# April throwdown??



## davidhef88 (Mar 31, 2012)

Is there gonna be an April throwdown?  that last one was so much fun.  I encourage anyone who hasn't entered one to do so, it makes it so much more interesting,  You never know, you just may win a great prize.  Can't win it unless your in it.


----------



## davidhef88 (Apr 1, 2012)

???


----------



## diggingdogfarm (Apr 1, 2012)

Good question!
I've been wondering the same thing!


----------



## puddy (Apr 1, 2012)

Yes please, I would like to try one.


----------



## sflcowboy78 (Apr 2, 2012)

I would love to see a Throw-down, I have some great ideas for whatever the category may be.


----------



## bmudd14474 (Apr 2, 2012)

Yes there will be one.
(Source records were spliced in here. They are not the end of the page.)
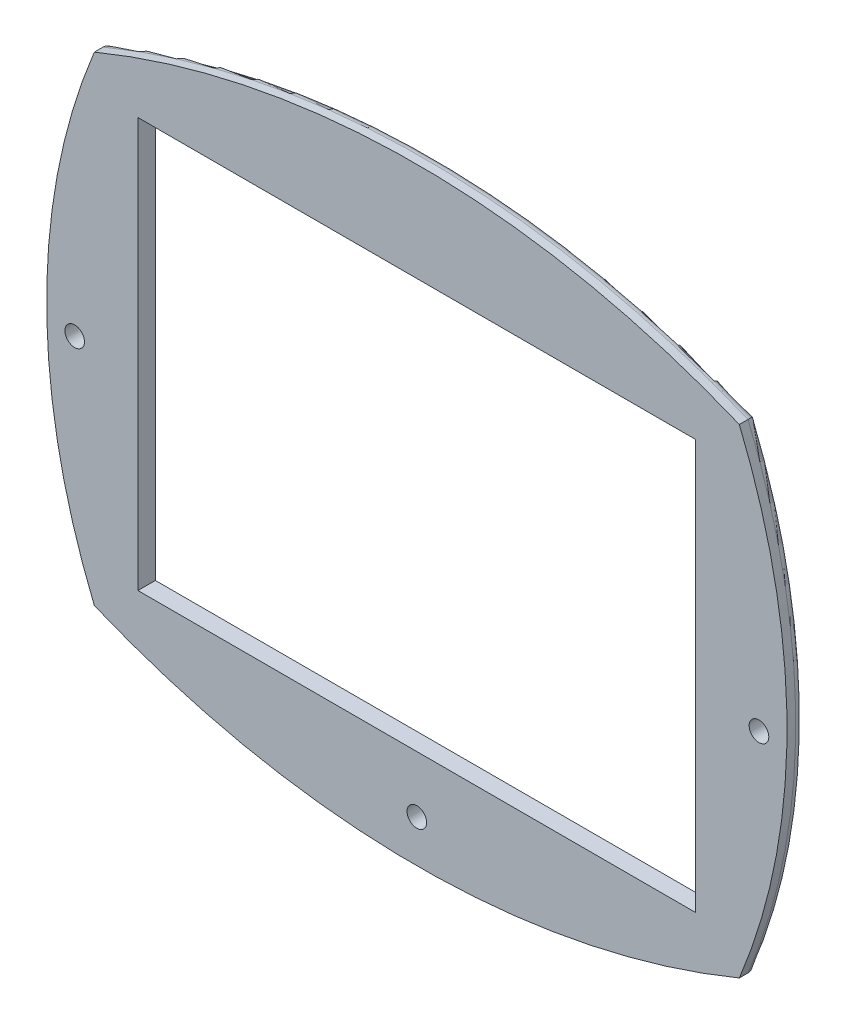
from build123d import *

# Parameters (mm, degrees)
SKETCH1_W           = 64
SKETCH1_H           = 47
BOSS_EXTRUDE1_DEPTH = 2
FILLET1_R           = 1
SKETCH2_R           = 1.125
CUT_EXTRUDE1_DEPTH  = 55.981008251


with BuildPart() as part:
    # Sketch1 → Boss-Extrude1 (new body)
    # profile 1 of 2: a face of its own
    with BuildSketch(Plane.XY):
        with BuildLine():
            ThreePointArc((37, 27.5), (42.470090103, 0), (37, -27.5))
            ThreePointArc((37, -27.5), (0, -34.859757593), (-37, -27.5))
            ThreePointArc((-37, -27.5), (-42.470090103, 0), (-37, 27.5))
            ThreePointArc((-37, 27.5), (0, 34.859757593), (37, 27.5))
        make_face()
        with BuildLine():
            ThreePointArc((36, -25.5), (40.468092327, 0), (36, 25.5))
            ThreePointArc((36, 25.5), (0, 32.351769079), (-36, 25.5))
            ThreePointArc((-36, 25.5), (-40.468092327, 0), (-36, -25.5))
            ThreePointArc((-36, -25.5), (0, -32.351769079), (36, -25.5))
        make_face(mode=Mode.SUBTRACT)
    # profile 2 of 2: a face of its own
    with BuildSketch(Plane.XY):
        with BuildLine():
            ThreePointArc((36, -25.5), (0, -32.351769079), (-36, -25.5))
            ThreePointArc((-36, -25.5), (-40.468092327, 0), (-36, 25.5))
            ThreePointArc((-36, 25.5), (0, 32.351769079), (36, 25.5))
            ThreePointArc((36, 25.5), (40.468092327, 0), (36, -25.5))
        make_face()
        Rectangle(SKETCH1_W, SKETCH1_H, mode=Mode.SUBTRACT)
    extrude(amount=BOSS_EXTRUDE1_DEPTH)

    # Fillet1
    fillet1_edges = [part.edges().sort_by_distance(p)[0] for p in [
        (-42.470090103, 0, 0),
        (0, -34.859757593, 0),
        (0, 34.859757593, 0),
        (42.470090103, 0, 0),
    ]]
    fillet(fillet1_edges, radius=FILLET1_R)

    # Sketch2 → Cut-Extrude1 (cut, through all)
    with BuildSketch(Plane(origin=(0, 0, 0), x_dir=(-1, 0, 0), z_dir=(0, 0, -1))):
        with Locations((-39.253932374, -1.86)):
            Circle(SKETCH2_R)
        with Locations((0, -30)):
            Circle(SKETCH2_R)
        with Locations((39.253932374, -1.86)):
            Circle(SKETCH2_R)
    extrude(amount=-CUT_EXTRUDE1_DEPTH, mode=Mode.SUBTRACT)


solid = part.part
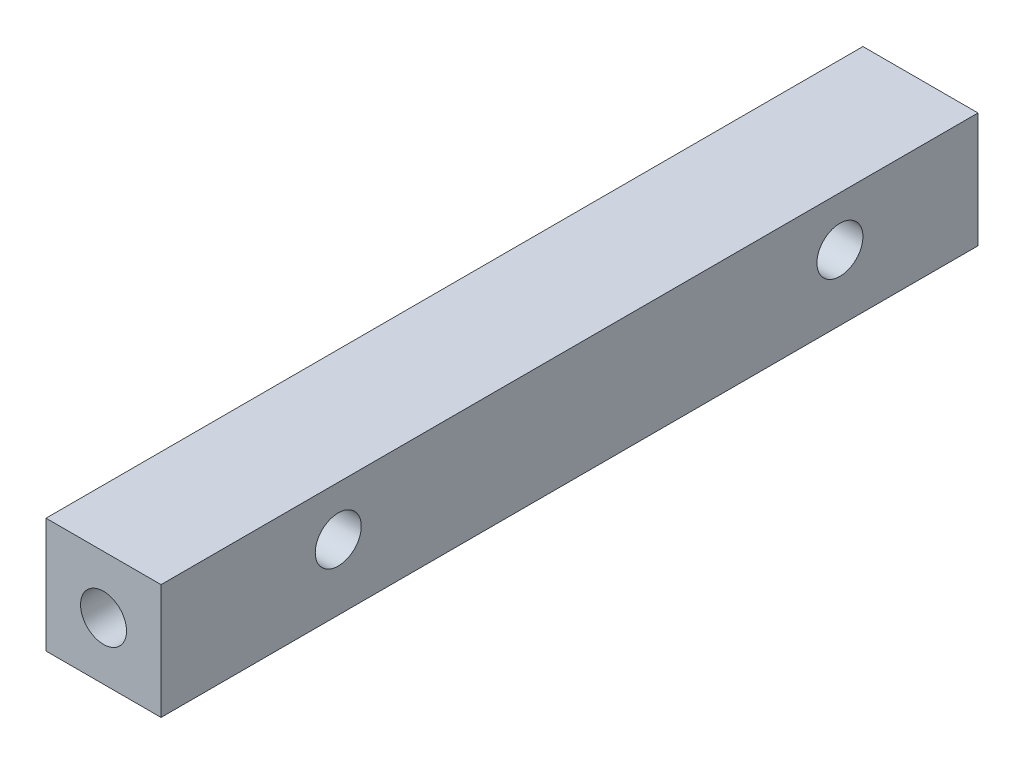
from build123d import *

# Parameters (mm, degrees)
ESQUISSE1_W             = 10
ESQUISSE1_H             = 10
BOSS_EXTRU_1_DEPTH      = 71
ESQUISSE2_R             = 2
ENL_V_MAT_EXTRU_1_DEPTH = 73.394751191
ESQUISSE3_R             = 2
ENL_V_MAT_EXTRU_2_DEPTH = 6
ENL_V_START             = -6
ESQUISSE4_R             = 2
ENL_V_MAT_EXTRU_3_DEPTH = 6


with BuildPart() as part:
    # Esquisse1 → Boss.-Extru.1 (new body)
    with BuildSketch(Plane.XY):
        with Locations((5, 5)):
            Rectangle(ESQUISSE1_W, ESQUISSE1_H)
    extrude(amount=BOSS_EXTRU_1_DEPTH)

    # Esquisse2 → Enlèv. mat.-Extru.1 (cut, through all)
    with BuildSketch(Plane.ZY):
        with Locations((12, 5.7)):
            Circle(ESQUISSE2_R)
        with Locations((55.6, 5.7)):
            Circle(ESQUISSE2_R)
    extrude(amount=-ENL_V_MAT_EXTRU_1_DEPTH, mode=Mode.SUBTRACT)

    # Esquisse3 → Enlèv. mat.-Extru.2 (cut)
    with BuildSketch(Plane(origin=(0, 0, 0), x_dir=(-1, 0, 0), z_dir=(0, 0, -1))):
        with Locations((-5, 5)):
            Circle(ESQUISSE3_R)
    extrude(amount=-ENL_V_MAT_EXTRU_2_DEPTH, mode=Mode.SUBTRACT)

    # Esquisse4 → Enlèv. mat.-Extru.3 (cut)
    with BuildSketch(Plane.XY.offset(71).offset(ENL_V_START)):
        with Locations(Location((5, 5, 0), (0, 0, 180))):
            Circle(ESQUISSE4_R)
    extrude(amount=ENL_V_MAT_EXTRU_3_DEPTH, mode=Mode.SUBTRACT)


solid = part.part
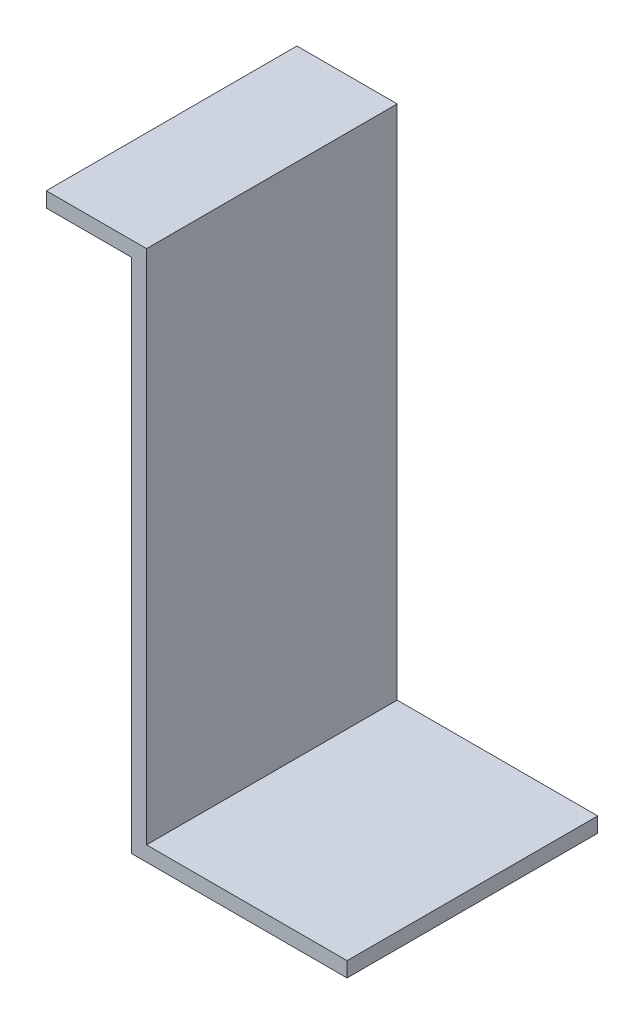
from build123d import *

# Parameters (mm, degrees)
SKETCH1_W      = 43
SKETCH1_H      = 50
EXTRUDE1_DEPTH = 3
SKETCH2_W      = 3
SKETCH2_H      = 50
EXTRUDE2_DEPTH = 100
SKETCH3_W      = 20
SKETCH3_H      = 50
EXTRUDE3_DEPTH = 3


with BuildPart() as part:
    # Sketch1 → Extrude1 (new body)
    with BuildSketch(Plane(origin=(0, 0, 0), x_dir=(1, 0, 0), z_dir=(0, 1, 0))):
        with Locations((21.5, 25)):
            Rectangle(SKETCH1_W, SKETCH1_H)
    extrude(amount=EXTRUDE1_DEPTH)

    # Sketch2 → Extrude2 (add)
    with BuildSketch(Plane(origin=(0, 3, 0), x_dir=(1, 0, 0), z_dir=(0, 1, 0))):
        with Locations((1.5, 25)):
            Rectangle(SKETCH2_W, SKETCH2_H)
    extrude(amount=EXTRUDE2_DEPTH)

    # Sketch3 → Extrude3 (add)
    with BuildSketch(Plane(origin=(0, 103, 0), x_dir=(1, 0, 0), z_dir=(0, 1, 0))):
        with Locations((-7, 25)):
            Rectangle(SKETCH3_W, SKETCH3_H)
    extrude(amount=EXTRUDE3_DEPTH)


solid = part.part

I am a bit behind but will have it posted late tonight PDT.


----------



## davidhef88 (Apr 2, 2012)

Thanks Brian. That's good to hear. Can't wait to hear what it is.


----------



## jalan43 (Apr 2, 2012)

There should be one coming along any day now!


----------



## bigfish98 (Apr 3, 2012)

I can't wait to see what it is!  Hopefully I will be able to enter this time!!

bigfish


----------